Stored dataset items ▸
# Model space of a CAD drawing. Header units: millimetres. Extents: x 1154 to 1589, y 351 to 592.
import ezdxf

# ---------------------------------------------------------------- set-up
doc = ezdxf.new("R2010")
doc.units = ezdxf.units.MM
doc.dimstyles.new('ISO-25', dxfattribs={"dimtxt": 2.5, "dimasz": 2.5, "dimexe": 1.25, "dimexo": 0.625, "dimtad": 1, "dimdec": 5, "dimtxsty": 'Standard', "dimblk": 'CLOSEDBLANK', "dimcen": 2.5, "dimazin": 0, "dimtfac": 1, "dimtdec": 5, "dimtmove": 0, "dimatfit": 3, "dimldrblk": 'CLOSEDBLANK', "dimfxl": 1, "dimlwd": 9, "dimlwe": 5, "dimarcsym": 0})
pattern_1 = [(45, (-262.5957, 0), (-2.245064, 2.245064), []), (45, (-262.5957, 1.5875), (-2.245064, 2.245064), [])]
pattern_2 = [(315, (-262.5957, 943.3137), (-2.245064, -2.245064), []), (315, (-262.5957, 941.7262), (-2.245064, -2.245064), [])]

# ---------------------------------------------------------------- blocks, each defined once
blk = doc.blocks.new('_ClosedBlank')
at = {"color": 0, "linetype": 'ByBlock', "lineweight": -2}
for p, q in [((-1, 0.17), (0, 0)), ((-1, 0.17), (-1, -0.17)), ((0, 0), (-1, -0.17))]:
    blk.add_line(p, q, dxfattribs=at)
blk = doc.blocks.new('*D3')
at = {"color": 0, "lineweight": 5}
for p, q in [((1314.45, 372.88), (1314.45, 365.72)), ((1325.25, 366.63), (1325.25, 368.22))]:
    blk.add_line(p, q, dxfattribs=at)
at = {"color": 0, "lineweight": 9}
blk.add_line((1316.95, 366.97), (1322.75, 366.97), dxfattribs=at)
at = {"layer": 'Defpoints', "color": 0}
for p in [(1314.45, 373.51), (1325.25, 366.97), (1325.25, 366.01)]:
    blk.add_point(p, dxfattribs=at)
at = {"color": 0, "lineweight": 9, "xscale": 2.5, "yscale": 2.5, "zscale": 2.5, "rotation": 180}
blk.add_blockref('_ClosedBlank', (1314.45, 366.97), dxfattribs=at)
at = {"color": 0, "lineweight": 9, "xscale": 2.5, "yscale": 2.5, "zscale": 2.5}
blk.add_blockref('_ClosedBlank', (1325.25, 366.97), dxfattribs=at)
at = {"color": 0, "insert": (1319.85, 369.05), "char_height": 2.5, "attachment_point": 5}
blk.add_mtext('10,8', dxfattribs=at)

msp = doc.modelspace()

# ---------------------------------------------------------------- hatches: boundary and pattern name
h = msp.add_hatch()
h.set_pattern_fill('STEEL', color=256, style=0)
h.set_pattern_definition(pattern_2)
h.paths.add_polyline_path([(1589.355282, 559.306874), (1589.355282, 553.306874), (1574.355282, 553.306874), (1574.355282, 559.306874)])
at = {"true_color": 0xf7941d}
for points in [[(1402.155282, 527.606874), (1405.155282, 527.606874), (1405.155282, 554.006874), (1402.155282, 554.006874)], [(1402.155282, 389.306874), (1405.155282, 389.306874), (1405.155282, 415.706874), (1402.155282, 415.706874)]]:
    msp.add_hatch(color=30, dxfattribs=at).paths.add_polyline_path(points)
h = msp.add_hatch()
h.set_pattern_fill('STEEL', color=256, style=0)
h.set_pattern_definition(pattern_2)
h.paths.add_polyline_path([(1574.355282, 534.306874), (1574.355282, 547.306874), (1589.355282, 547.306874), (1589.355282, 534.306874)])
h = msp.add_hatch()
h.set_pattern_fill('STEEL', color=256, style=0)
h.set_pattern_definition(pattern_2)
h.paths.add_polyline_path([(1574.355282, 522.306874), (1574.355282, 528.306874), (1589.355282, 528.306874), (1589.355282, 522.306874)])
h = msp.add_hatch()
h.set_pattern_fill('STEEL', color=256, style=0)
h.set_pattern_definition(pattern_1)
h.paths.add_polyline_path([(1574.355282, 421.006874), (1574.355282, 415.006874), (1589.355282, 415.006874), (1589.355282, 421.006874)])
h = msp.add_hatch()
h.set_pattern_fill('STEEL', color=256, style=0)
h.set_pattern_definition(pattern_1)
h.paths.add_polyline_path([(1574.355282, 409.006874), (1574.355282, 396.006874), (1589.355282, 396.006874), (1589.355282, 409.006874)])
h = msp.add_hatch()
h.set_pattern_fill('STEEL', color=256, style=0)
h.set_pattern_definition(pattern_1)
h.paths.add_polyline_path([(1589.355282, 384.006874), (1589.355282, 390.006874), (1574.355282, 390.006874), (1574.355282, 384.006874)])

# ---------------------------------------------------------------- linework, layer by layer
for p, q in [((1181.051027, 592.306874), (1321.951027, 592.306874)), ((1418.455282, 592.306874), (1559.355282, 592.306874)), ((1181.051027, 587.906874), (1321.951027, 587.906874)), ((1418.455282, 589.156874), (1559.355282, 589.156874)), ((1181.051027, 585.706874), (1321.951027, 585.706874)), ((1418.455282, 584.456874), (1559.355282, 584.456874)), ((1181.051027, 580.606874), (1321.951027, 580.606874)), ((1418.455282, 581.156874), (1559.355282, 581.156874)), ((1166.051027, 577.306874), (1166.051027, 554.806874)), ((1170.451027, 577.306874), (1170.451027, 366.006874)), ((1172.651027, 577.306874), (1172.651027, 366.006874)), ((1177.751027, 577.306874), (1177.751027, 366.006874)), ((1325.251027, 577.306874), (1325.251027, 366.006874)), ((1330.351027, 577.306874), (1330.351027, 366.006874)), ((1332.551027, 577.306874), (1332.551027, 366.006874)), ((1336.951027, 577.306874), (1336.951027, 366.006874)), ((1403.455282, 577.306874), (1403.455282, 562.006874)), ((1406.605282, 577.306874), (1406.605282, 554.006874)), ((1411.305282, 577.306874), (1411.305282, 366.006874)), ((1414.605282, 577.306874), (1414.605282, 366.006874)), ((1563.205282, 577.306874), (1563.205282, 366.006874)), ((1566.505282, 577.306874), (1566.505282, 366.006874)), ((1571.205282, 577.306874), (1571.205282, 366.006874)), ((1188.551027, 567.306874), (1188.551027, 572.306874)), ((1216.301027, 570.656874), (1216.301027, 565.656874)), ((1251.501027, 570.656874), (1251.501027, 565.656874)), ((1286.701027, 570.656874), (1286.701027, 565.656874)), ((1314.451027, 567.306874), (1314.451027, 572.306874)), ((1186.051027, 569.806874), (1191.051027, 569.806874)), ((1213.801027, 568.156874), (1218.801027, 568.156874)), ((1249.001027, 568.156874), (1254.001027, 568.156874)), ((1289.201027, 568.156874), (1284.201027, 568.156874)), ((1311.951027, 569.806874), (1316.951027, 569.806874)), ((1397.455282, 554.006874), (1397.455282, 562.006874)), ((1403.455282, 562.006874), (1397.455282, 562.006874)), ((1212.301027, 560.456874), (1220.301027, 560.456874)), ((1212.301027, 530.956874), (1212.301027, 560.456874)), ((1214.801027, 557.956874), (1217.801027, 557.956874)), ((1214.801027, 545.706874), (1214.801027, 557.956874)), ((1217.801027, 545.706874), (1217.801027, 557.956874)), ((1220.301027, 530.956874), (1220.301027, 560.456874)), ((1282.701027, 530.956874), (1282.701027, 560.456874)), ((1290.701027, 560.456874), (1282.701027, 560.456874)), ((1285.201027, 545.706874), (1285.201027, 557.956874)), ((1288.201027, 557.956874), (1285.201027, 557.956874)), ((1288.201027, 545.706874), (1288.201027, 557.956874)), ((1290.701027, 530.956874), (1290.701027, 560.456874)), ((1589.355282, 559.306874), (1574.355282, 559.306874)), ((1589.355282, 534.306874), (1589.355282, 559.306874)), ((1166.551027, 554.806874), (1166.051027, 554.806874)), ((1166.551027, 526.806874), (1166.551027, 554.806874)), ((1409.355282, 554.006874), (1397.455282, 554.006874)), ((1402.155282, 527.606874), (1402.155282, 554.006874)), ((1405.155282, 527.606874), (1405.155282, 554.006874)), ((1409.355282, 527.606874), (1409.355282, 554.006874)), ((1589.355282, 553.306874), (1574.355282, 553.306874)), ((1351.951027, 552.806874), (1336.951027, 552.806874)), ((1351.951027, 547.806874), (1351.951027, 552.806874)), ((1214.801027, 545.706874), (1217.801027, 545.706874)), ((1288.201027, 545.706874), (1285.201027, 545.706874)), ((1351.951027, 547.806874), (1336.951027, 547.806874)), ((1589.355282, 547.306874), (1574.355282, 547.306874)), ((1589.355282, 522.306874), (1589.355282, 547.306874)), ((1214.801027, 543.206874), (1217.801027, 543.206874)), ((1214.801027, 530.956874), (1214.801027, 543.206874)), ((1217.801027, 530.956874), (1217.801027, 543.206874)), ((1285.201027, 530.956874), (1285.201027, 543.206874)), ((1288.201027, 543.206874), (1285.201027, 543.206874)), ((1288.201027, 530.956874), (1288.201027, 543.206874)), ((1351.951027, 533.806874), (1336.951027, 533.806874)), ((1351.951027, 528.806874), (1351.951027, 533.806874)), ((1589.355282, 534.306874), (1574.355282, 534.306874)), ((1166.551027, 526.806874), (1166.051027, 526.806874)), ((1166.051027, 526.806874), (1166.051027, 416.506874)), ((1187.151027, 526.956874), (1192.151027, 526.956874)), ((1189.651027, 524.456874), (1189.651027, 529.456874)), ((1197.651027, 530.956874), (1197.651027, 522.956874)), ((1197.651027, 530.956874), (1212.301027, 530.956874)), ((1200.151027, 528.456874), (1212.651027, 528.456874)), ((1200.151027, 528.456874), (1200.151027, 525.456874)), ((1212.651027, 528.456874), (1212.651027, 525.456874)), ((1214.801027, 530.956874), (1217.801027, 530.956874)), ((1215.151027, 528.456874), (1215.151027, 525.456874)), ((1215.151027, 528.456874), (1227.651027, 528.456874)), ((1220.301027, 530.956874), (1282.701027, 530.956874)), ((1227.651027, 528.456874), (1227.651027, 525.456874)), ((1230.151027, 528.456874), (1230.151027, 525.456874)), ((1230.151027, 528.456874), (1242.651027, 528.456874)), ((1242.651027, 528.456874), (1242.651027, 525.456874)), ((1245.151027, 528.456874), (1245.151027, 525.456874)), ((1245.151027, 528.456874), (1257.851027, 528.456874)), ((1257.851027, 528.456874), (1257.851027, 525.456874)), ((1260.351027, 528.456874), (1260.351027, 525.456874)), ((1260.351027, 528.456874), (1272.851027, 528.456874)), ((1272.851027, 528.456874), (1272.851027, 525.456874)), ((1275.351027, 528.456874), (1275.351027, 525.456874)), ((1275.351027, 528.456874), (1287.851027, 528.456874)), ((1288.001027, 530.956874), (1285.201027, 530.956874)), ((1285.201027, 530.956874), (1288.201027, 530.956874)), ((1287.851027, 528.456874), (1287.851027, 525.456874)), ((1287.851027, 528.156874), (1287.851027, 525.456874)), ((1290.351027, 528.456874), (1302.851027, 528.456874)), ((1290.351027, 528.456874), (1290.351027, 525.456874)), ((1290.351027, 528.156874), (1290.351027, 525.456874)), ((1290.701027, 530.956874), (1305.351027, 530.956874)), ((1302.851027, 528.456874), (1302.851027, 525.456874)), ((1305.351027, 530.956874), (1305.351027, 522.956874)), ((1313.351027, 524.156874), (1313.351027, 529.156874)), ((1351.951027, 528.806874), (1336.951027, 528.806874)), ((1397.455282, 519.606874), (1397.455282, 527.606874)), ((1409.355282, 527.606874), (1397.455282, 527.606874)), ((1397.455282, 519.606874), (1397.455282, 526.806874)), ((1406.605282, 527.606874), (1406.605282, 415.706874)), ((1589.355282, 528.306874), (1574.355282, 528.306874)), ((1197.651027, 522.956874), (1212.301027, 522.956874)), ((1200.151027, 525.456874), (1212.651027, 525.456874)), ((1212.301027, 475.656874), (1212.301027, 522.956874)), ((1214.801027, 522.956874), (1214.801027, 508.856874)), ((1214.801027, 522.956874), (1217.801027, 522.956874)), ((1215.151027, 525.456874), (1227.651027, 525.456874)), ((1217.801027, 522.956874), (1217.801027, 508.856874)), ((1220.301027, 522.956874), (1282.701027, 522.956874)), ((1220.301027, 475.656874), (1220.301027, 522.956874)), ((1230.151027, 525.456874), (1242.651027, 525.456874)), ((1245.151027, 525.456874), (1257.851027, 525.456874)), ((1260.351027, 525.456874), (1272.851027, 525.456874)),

BRIEF ▸
Output exactly the lines of the records from the first through the one bearing "blk = doc.blocks.new('_ClosedBlank')", both ends included.

WRITTEN RESPONSE ▸
# Model space of a CAD drawing. Header units: millimetres. Extents: x 1154 to 1589, y 351 to 592.
import ezdxf

# ---------------------------------------------------------------- set-up
doc = ezdxf.new("R2010")
doc.units = ezdxf.units.MM
doc.dimstyles.new('ISO-25', dxfattribs={"dimtxt": 2.5, "dimasz": 2.5, "dimexe": 1.25, "dimexo": 0.625, "dimtad": 1, "dimdec": 5, "dimtxsty": 'Standard', "dimblk": 'CLOSEDBLANK', "dimcen": 2.5, "dimazin": 0, "dimtfac": 1, "dimtdec": 5, "dimtmove": 0, "dimatfit": 3, "dimldrblk": 'CLOSEDBLANK', "dimfxl": 1, "dimlwd": 9, "dimlwe": 5, "dimarcsym": 0})
pattern_1 = [(45, (-262.5957, 0), (-2.245064, 2.245064), []), (45, (-262.5957, 1.5875), (-2.245064, 2.245064), [])]
pattern_2 = [(315, (-262.5957, 943.3137), (-2.245064, -2.245064), []), (315, (-262.5957, 941.7262), (-2.245064, -2.245064), [])]

# ---------------------------------------------------------------- blocks, each defined once
blk = doc.blocks.new('_ClosedBlank')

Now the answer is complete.